Extracted data section start
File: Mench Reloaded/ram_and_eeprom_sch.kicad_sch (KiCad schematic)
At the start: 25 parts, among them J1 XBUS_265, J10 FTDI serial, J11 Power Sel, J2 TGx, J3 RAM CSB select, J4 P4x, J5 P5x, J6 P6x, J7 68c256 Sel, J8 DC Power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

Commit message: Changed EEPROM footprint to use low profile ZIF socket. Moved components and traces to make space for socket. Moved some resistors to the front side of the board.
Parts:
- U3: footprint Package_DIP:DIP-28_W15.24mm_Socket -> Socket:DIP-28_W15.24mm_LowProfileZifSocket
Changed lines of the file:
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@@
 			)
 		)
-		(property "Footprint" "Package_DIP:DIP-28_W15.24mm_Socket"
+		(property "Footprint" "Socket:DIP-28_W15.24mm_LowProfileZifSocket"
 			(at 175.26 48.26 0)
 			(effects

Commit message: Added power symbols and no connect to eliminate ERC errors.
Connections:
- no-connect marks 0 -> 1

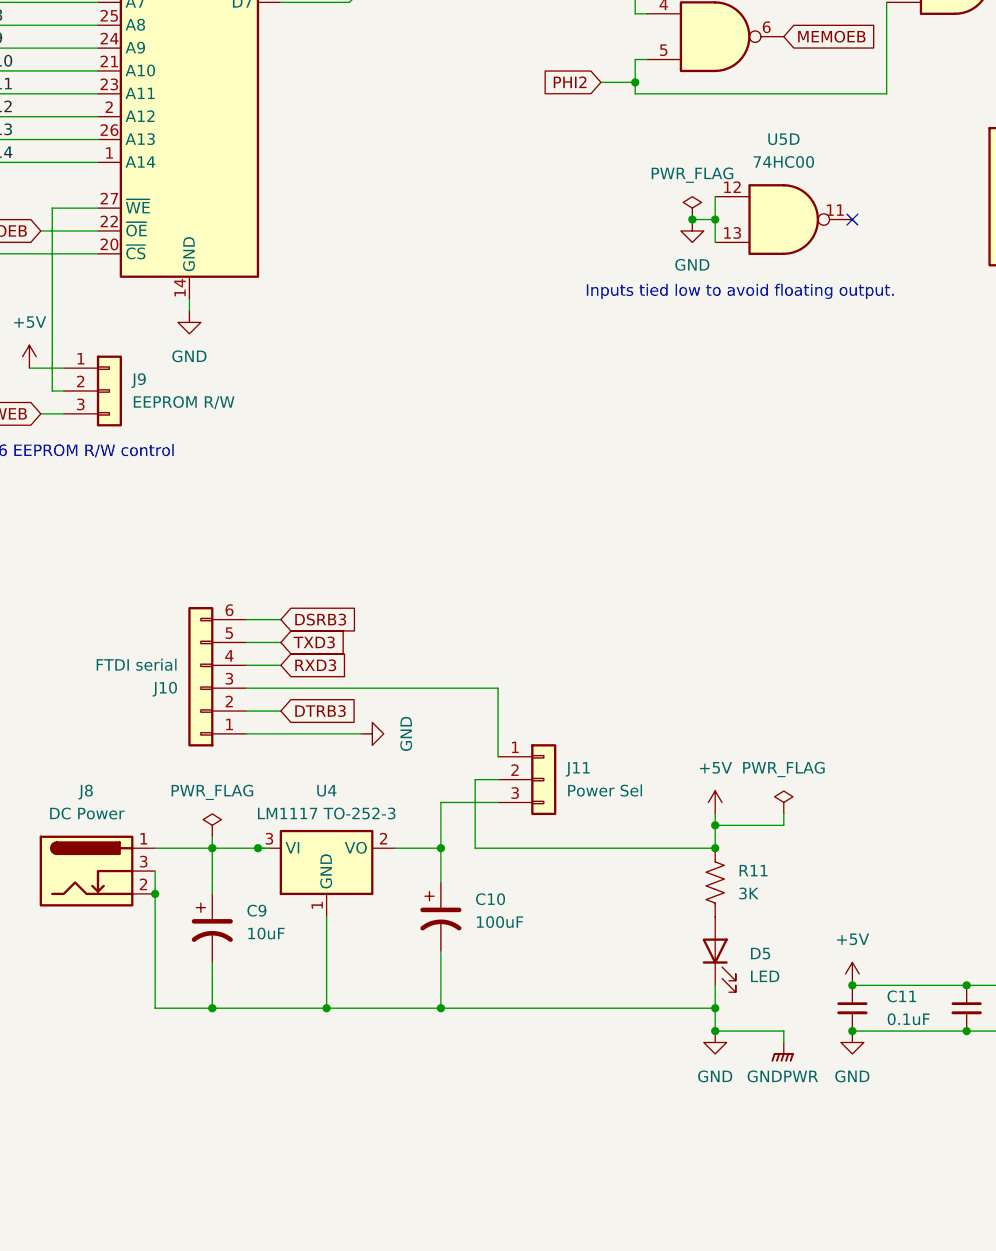
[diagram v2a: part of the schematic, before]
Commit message: Corrected all errors and most warnings after a ERC inspection.
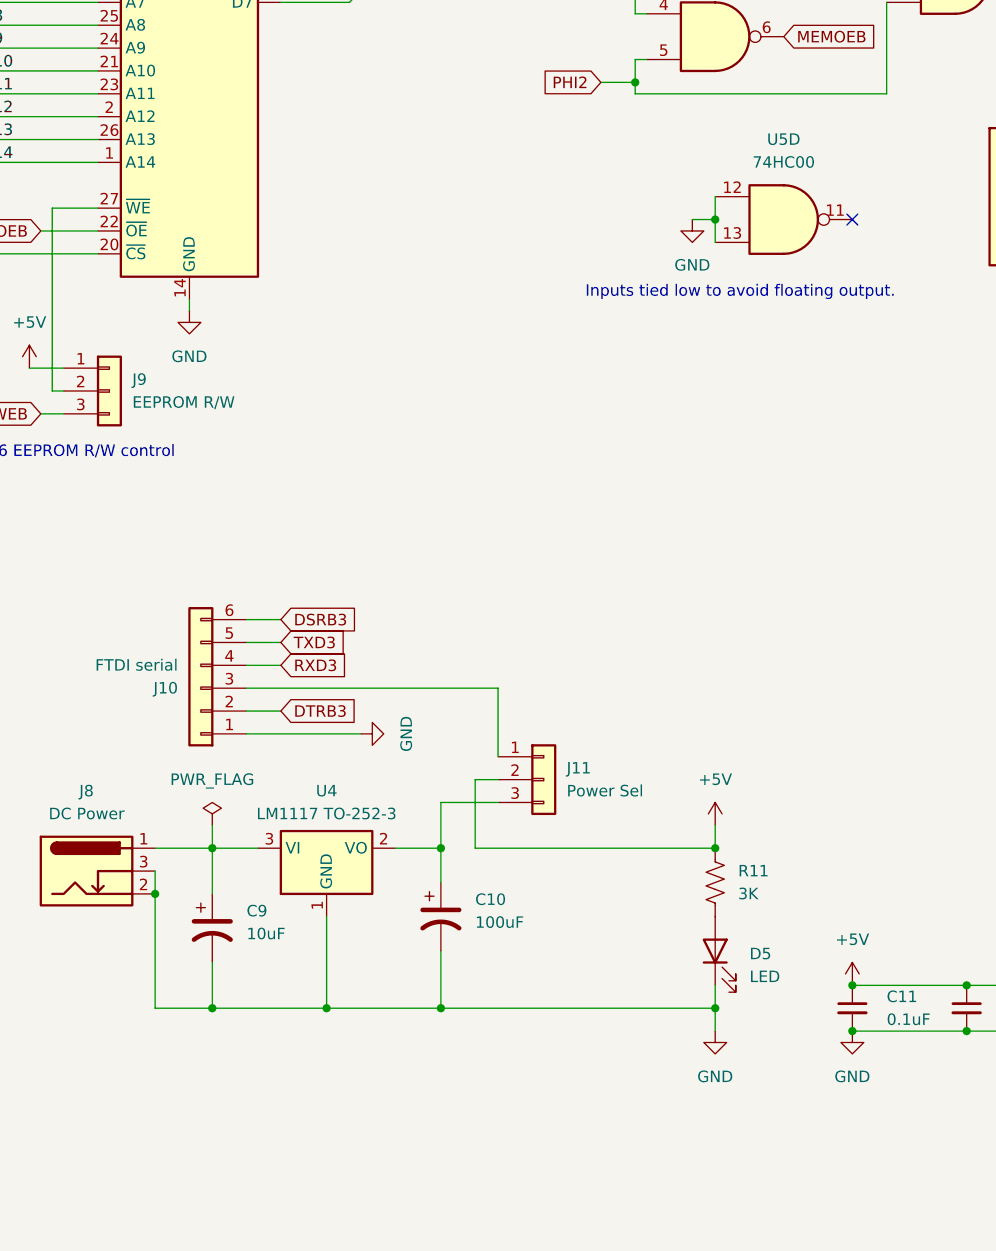
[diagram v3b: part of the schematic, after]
Extracted data section end
Every line above should be copied exactly; do not carry over the pictures.

*Completed exercise*:
File: Mench Reloaded/ram_and_eeprom_sch.kicad_sch (KiCad schematic)
At the start: 25 parts, among them J1 XBUS_265, J10 FTDI serial, J11 Power Sel, J2 TGx, J3 RAM CSB select, J4 P4x, J5 P5x, J6 P6x, J7 68c256 Sel, J8 DC Power

Commit message: Changed EEPROM footprint to use low profile ZIF socket. Moved components and traces to make space for socket. Moved some resistors to the front side of the board.
Parts:
- U3: footprint Package_DIP:DIP-28_W15.24mm_Socket -> Socket:DIP-28_W15.24mm_LowProfileZifSocket
Changed lines of the file:
@@
 			)
 		)
-		(property "Footprint" "Package_DIP:DIP-28_W15.24mm_Socket"
+		(property "Footprint" "Socket:DIP-28_W15.24mm_LowProfileZifSocket"
 			(at 175.26 48.26 0)
 			(effects

Commit message: Added power symbols and no connect to eliminate ERC errors.
Connections:
- no-connect marks 0 -> 1

[diagram v2a: part of the schematic, before]
Commit message: Corrected all errors and most warnings after a ERC inspection.
[diagram v3b: part of the schematic, after]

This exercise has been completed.